Das US Department of Health and Human Services und seine Agentur die CDC haben die unscharfe Abfalleimerdiagnose des Chronischen Müdigkeitssyndroms (CFS) genommen und durch eine noch breitgefächertere Abfalleimerdiagnose namens „systemische Anstrengungs-Intoleranz-Krankheit" („SEID") ersetzt. Wann werden Ärzte und Forscher endlich aufhören, diese Torheit zu erlauben? ME ist eine separate und einander ausschließende neurologische Erkrankung, für die chronische Müdigkeit nicht einmal ein diagnostisches Symptom ist.

Die niedrige Messlatte für die Diagnose durch die IOM-Kriterien und die Einbeziehung von psychiatrischen Störungen wird bald zu weiterem Verlust an Glaubwürdigkeit führen, zu mehr „Wunderkuren" und mehr Verhaltensbehandlungsempfehlungen für „ME/CFS" nach Art des IOM. Wie wird irgendjemand in der Lage sein, nach den Kanadischen Kriterien diagnostiziertes „ME/CFS", das mit hoher Wahrscheinlichkeit ME ist, von IOM-diagnostiziertem „ME/CFS", das eine primär depressive, Angst- oder somatoforme Störung sein könnte, zu unterscheiden?

Die Implementierung der IOM-Diagnosekriterien, die nun von der CDC empfohlen wird, wird in einem völligen Chaos resultieren.
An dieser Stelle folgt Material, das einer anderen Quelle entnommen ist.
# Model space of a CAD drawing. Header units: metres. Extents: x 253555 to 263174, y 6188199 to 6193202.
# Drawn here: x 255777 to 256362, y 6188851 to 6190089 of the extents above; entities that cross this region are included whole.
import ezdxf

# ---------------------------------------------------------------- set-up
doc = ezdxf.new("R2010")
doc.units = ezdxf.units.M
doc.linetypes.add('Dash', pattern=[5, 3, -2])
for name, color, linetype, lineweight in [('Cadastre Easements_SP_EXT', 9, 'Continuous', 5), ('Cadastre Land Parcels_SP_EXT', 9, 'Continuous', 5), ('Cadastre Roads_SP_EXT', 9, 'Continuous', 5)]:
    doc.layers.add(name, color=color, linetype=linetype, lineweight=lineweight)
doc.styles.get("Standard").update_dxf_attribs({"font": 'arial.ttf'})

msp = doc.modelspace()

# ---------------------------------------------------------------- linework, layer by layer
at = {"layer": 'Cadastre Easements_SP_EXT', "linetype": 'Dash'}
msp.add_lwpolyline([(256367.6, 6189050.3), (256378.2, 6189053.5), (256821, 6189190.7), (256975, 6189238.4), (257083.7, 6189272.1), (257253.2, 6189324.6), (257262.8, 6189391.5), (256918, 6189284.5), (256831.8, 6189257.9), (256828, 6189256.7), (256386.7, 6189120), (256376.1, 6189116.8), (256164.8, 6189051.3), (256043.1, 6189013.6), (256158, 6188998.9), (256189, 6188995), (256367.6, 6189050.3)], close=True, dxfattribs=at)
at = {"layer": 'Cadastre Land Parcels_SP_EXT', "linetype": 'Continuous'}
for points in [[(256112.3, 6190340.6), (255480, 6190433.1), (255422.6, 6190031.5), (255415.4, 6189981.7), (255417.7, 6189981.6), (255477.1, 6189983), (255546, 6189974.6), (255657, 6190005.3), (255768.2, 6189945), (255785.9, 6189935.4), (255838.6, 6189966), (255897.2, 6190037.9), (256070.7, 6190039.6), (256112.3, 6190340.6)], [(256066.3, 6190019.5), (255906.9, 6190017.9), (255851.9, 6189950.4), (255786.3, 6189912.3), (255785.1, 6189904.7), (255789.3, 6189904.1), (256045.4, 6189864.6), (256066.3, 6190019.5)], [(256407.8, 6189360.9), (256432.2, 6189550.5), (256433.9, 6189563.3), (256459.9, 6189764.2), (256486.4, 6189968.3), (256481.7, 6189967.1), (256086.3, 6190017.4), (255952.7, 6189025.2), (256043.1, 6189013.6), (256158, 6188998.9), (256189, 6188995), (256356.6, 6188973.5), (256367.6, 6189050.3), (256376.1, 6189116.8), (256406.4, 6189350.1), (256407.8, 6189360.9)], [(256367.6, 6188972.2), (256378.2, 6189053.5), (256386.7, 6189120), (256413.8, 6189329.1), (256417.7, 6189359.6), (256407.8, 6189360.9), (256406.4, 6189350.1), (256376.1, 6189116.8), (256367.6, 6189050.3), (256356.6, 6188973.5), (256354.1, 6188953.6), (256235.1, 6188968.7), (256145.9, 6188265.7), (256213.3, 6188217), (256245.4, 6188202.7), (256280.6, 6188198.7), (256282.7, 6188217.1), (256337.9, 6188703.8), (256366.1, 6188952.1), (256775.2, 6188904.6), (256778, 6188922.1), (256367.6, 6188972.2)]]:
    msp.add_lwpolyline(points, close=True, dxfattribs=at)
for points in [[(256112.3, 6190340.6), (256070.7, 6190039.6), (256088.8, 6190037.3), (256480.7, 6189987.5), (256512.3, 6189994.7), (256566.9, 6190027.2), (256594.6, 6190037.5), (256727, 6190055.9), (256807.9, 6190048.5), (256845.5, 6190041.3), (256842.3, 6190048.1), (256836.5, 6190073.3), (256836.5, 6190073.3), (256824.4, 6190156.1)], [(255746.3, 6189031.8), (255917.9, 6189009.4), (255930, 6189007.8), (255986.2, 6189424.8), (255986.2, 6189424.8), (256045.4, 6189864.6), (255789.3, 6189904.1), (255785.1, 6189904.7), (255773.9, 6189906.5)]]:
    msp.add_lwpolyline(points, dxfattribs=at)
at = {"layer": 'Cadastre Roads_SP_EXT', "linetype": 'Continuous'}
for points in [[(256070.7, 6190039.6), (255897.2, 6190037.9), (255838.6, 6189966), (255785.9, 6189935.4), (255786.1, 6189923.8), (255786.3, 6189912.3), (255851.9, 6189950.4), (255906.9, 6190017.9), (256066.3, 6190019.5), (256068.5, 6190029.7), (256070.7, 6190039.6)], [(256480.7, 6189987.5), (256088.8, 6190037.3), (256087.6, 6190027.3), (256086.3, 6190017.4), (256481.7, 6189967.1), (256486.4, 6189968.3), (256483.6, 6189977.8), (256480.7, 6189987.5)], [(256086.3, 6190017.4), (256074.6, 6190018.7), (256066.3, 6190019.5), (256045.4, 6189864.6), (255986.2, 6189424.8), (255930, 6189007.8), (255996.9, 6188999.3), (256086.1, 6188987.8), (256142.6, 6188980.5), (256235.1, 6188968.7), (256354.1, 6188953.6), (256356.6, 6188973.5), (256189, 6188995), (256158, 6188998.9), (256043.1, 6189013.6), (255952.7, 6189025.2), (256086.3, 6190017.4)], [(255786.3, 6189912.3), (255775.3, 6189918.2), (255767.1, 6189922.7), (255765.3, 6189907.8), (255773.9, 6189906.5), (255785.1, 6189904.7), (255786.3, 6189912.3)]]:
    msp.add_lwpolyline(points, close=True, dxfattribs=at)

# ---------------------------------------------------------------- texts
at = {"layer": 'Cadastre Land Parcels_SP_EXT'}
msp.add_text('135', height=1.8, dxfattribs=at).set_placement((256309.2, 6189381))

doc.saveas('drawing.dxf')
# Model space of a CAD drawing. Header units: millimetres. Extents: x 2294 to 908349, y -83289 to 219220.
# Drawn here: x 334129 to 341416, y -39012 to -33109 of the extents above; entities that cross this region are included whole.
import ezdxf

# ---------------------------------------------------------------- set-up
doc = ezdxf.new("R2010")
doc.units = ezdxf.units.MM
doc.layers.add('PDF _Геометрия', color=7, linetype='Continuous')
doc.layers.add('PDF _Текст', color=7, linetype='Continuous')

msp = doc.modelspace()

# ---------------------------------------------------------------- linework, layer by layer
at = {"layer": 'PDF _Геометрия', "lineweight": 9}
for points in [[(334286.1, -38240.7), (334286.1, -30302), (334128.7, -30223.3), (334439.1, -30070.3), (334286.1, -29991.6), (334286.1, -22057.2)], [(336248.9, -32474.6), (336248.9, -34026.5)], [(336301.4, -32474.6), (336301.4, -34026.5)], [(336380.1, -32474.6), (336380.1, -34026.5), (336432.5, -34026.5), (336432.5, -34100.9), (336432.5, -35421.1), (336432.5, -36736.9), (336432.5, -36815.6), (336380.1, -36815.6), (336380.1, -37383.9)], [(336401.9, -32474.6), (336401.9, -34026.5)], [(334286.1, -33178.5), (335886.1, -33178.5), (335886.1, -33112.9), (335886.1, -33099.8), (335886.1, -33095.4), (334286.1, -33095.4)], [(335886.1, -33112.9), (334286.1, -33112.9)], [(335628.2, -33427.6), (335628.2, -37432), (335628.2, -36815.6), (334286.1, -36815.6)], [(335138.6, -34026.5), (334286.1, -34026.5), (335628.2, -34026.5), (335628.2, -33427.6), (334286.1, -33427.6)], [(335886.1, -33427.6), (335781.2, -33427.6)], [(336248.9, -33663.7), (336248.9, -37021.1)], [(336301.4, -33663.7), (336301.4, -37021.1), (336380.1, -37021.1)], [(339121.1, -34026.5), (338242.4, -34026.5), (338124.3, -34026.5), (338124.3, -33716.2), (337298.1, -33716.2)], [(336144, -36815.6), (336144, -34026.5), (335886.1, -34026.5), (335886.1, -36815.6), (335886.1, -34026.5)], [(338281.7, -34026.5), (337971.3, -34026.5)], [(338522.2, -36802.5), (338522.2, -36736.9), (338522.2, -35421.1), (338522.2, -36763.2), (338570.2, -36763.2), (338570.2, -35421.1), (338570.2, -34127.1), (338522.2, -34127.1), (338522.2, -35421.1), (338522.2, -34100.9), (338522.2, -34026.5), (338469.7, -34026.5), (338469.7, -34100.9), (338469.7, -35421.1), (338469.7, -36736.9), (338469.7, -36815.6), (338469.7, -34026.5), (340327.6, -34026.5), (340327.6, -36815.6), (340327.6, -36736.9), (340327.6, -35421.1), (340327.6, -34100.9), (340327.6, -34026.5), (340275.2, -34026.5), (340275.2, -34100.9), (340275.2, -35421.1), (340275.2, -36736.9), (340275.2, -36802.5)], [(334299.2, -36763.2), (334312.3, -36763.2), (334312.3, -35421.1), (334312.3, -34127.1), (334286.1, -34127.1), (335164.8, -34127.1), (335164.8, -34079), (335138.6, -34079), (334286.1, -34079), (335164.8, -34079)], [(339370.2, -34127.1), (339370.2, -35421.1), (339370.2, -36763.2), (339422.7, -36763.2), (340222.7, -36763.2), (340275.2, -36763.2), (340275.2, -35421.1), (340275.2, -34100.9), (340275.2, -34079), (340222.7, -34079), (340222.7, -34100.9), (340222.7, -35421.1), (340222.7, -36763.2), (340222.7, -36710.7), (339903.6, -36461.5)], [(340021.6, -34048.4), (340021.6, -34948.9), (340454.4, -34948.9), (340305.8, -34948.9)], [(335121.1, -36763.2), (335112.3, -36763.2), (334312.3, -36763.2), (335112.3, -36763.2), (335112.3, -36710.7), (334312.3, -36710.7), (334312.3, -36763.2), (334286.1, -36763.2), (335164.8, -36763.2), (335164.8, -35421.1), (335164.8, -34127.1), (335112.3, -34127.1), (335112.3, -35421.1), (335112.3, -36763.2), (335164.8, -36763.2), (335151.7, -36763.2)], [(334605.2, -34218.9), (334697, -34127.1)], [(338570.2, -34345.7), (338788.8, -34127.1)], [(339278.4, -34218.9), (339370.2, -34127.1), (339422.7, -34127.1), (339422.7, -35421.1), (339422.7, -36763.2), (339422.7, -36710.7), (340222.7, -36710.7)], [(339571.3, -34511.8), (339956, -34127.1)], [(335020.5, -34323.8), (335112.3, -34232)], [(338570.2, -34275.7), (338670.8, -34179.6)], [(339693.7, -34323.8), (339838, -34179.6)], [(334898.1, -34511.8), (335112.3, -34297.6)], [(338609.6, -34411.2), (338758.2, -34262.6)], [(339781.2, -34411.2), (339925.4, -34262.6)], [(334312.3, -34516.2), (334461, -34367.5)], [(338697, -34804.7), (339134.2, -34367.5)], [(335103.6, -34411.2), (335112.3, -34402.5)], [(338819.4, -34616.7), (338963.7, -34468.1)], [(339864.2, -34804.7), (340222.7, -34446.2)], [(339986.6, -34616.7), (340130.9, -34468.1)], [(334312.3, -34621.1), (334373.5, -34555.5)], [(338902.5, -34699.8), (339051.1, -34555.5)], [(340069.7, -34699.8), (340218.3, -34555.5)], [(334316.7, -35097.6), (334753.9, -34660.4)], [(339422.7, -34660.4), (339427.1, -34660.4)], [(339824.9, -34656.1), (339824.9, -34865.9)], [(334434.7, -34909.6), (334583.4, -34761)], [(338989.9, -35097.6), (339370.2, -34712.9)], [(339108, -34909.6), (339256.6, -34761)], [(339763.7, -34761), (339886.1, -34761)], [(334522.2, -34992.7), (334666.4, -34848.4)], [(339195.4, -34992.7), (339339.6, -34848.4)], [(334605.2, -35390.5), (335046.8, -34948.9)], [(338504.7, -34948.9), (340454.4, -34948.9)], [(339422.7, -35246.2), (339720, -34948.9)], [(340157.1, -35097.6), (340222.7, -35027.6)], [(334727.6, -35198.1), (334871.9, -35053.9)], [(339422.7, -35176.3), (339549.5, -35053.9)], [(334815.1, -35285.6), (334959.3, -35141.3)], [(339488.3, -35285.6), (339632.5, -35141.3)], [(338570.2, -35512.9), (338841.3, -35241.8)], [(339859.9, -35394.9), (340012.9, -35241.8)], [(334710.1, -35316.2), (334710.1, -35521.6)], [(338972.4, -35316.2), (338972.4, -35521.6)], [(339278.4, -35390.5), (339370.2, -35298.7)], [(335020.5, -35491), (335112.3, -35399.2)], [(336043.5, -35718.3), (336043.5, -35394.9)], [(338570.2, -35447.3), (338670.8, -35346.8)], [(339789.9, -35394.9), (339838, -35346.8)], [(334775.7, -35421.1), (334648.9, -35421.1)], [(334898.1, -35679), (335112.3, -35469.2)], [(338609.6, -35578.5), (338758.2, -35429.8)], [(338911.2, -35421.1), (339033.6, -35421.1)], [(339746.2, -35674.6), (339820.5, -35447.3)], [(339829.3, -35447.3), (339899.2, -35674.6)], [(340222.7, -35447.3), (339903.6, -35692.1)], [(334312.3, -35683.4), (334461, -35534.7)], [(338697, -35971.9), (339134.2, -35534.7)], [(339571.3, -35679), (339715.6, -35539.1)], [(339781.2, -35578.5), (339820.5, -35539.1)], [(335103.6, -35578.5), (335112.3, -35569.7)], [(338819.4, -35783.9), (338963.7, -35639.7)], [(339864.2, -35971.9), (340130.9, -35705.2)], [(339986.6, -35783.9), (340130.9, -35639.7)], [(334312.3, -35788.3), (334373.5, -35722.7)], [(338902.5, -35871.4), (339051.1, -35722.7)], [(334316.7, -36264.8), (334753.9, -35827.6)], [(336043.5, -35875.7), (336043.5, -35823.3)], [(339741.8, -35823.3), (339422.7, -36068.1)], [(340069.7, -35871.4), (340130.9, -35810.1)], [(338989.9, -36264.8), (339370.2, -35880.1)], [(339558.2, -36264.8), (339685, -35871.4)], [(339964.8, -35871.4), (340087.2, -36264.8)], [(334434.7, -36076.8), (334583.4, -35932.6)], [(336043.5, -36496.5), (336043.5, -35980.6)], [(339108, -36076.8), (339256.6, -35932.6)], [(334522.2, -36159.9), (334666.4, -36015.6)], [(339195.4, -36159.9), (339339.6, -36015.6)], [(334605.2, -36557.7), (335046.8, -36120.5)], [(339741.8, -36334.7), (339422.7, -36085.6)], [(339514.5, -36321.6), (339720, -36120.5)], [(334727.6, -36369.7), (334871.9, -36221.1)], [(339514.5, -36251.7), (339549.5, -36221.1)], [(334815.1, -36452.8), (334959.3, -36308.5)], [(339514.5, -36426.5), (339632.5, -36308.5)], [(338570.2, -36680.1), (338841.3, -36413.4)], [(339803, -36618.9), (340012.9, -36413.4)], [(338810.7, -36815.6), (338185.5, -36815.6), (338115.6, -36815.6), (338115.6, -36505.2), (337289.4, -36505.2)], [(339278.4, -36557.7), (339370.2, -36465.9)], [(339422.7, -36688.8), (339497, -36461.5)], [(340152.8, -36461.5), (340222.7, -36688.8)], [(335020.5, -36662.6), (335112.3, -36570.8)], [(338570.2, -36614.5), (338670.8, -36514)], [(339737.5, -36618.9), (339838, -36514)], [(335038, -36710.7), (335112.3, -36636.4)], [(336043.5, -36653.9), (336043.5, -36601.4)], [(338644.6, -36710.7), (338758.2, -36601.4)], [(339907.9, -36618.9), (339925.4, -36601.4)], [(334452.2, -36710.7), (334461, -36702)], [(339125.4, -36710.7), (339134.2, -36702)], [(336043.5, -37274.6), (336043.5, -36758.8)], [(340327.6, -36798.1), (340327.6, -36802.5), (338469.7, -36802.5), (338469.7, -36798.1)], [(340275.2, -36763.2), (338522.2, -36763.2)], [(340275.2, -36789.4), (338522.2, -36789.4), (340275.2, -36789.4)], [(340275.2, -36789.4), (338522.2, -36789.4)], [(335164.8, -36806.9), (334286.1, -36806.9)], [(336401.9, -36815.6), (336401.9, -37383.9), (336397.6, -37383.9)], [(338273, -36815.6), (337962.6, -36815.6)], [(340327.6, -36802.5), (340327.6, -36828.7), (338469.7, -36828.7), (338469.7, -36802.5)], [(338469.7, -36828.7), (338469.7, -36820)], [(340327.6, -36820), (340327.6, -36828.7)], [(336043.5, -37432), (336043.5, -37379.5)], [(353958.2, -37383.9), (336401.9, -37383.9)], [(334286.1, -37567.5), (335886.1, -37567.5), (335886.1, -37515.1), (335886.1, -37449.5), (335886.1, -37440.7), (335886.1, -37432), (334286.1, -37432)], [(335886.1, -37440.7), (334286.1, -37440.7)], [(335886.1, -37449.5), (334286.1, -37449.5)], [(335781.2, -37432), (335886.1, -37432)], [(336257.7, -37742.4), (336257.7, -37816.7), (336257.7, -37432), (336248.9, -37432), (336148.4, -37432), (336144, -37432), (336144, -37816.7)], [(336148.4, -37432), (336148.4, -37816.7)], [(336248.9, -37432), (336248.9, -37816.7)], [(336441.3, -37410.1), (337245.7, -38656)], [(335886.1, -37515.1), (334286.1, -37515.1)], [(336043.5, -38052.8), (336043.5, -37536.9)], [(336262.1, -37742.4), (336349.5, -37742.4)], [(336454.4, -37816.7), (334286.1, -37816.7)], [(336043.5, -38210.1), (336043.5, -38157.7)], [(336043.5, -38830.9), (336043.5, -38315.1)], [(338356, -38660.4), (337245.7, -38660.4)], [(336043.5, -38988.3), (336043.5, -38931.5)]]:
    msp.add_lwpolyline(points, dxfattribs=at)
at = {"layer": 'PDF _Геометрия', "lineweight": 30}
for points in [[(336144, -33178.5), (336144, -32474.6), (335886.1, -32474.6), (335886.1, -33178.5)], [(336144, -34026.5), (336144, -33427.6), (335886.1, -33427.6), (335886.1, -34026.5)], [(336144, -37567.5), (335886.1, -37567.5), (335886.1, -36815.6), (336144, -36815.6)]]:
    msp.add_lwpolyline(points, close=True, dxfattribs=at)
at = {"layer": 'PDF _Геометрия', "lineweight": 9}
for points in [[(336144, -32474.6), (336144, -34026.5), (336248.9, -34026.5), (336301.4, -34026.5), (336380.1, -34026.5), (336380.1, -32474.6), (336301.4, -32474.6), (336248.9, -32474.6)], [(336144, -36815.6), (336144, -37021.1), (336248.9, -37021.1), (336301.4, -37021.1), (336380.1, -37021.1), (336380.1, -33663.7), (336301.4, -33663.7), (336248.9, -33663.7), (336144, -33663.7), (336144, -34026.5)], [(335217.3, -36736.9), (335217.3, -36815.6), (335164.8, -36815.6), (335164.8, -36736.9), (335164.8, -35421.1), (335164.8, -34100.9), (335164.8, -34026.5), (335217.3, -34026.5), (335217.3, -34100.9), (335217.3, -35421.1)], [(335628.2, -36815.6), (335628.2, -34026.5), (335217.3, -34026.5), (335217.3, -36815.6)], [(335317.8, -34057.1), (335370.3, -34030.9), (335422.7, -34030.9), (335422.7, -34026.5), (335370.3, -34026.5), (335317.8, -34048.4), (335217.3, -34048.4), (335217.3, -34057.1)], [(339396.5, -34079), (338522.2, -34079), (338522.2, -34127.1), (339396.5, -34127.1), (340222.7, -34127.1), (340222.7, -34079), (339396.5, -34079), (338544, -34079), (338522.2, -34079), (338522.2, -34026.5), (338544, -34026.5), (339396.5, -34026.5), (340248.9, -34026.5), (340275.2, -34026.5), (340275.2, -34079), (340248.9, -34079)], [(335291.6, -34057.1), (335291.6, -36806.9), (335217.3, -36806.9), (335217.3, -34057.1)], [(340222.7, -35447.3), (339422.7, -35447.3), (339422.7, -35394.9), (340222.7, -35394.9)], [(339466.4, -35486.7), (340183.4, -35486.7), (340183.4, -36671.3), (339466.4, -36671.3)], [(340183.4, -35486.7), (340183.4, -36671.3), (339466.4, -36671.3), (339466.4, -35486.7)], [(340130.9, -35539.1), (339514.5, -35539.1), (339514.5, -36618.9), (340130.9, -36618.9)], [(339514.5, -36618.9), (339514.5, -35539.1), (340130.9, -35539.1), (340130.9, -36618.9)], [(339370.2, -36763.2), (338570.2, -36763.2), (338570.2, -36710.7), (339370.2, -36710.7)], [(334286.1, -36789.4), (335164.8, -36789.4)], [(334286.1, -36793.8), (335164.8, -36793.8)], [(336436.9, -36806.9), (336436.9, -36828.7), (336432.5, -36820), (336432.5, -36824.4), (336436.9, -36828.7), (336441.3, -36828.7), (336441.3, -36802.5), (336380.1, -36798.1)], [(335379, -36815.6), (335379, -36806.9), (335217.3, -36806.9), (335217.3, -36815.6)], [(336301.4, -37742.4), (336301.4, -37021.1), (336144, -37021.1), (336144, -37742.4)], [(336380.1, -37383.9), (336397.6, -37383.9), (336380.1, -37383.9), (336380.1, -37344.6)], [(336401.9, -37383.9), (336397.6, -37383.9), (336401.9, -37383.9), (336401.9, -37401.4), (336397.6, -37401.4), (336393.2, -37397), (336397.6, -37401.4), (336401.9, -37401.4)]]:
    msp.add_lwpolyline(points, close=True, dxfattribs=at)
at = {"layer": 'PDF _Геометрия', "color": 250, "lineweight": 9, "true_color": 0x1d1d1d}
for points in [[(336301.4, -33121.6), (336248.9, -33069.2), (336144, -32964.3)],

Offensichtlich haben zu wenige Fachleute auf dem Gebiet etwas aus dem Versagen der letzten 30 Jahre gelernt, um irgendeinen bedeutsamen Fortschritt zu machen. 

Diese fortgesetzte Verwirrung wird der Anerkennung, Diagnose und Forschung der eigenständigen neurologischen Krankheit Myalgische Enzephalomyelitis schaden, die unweigerlich mit der neuen, vom IOM kreiierten und von der CDC befürworteten Müdigkeitssuppe vermengt werden wird. ME erfordert eine eigene Diagnose- und Forschungsfalldefinition, getrennt von diversen unklaren, auf Müdigkeit basierenden Leiden wie CFS und IOM-diagnostiziertes „ME/CFS" – nämlich die #MEICC.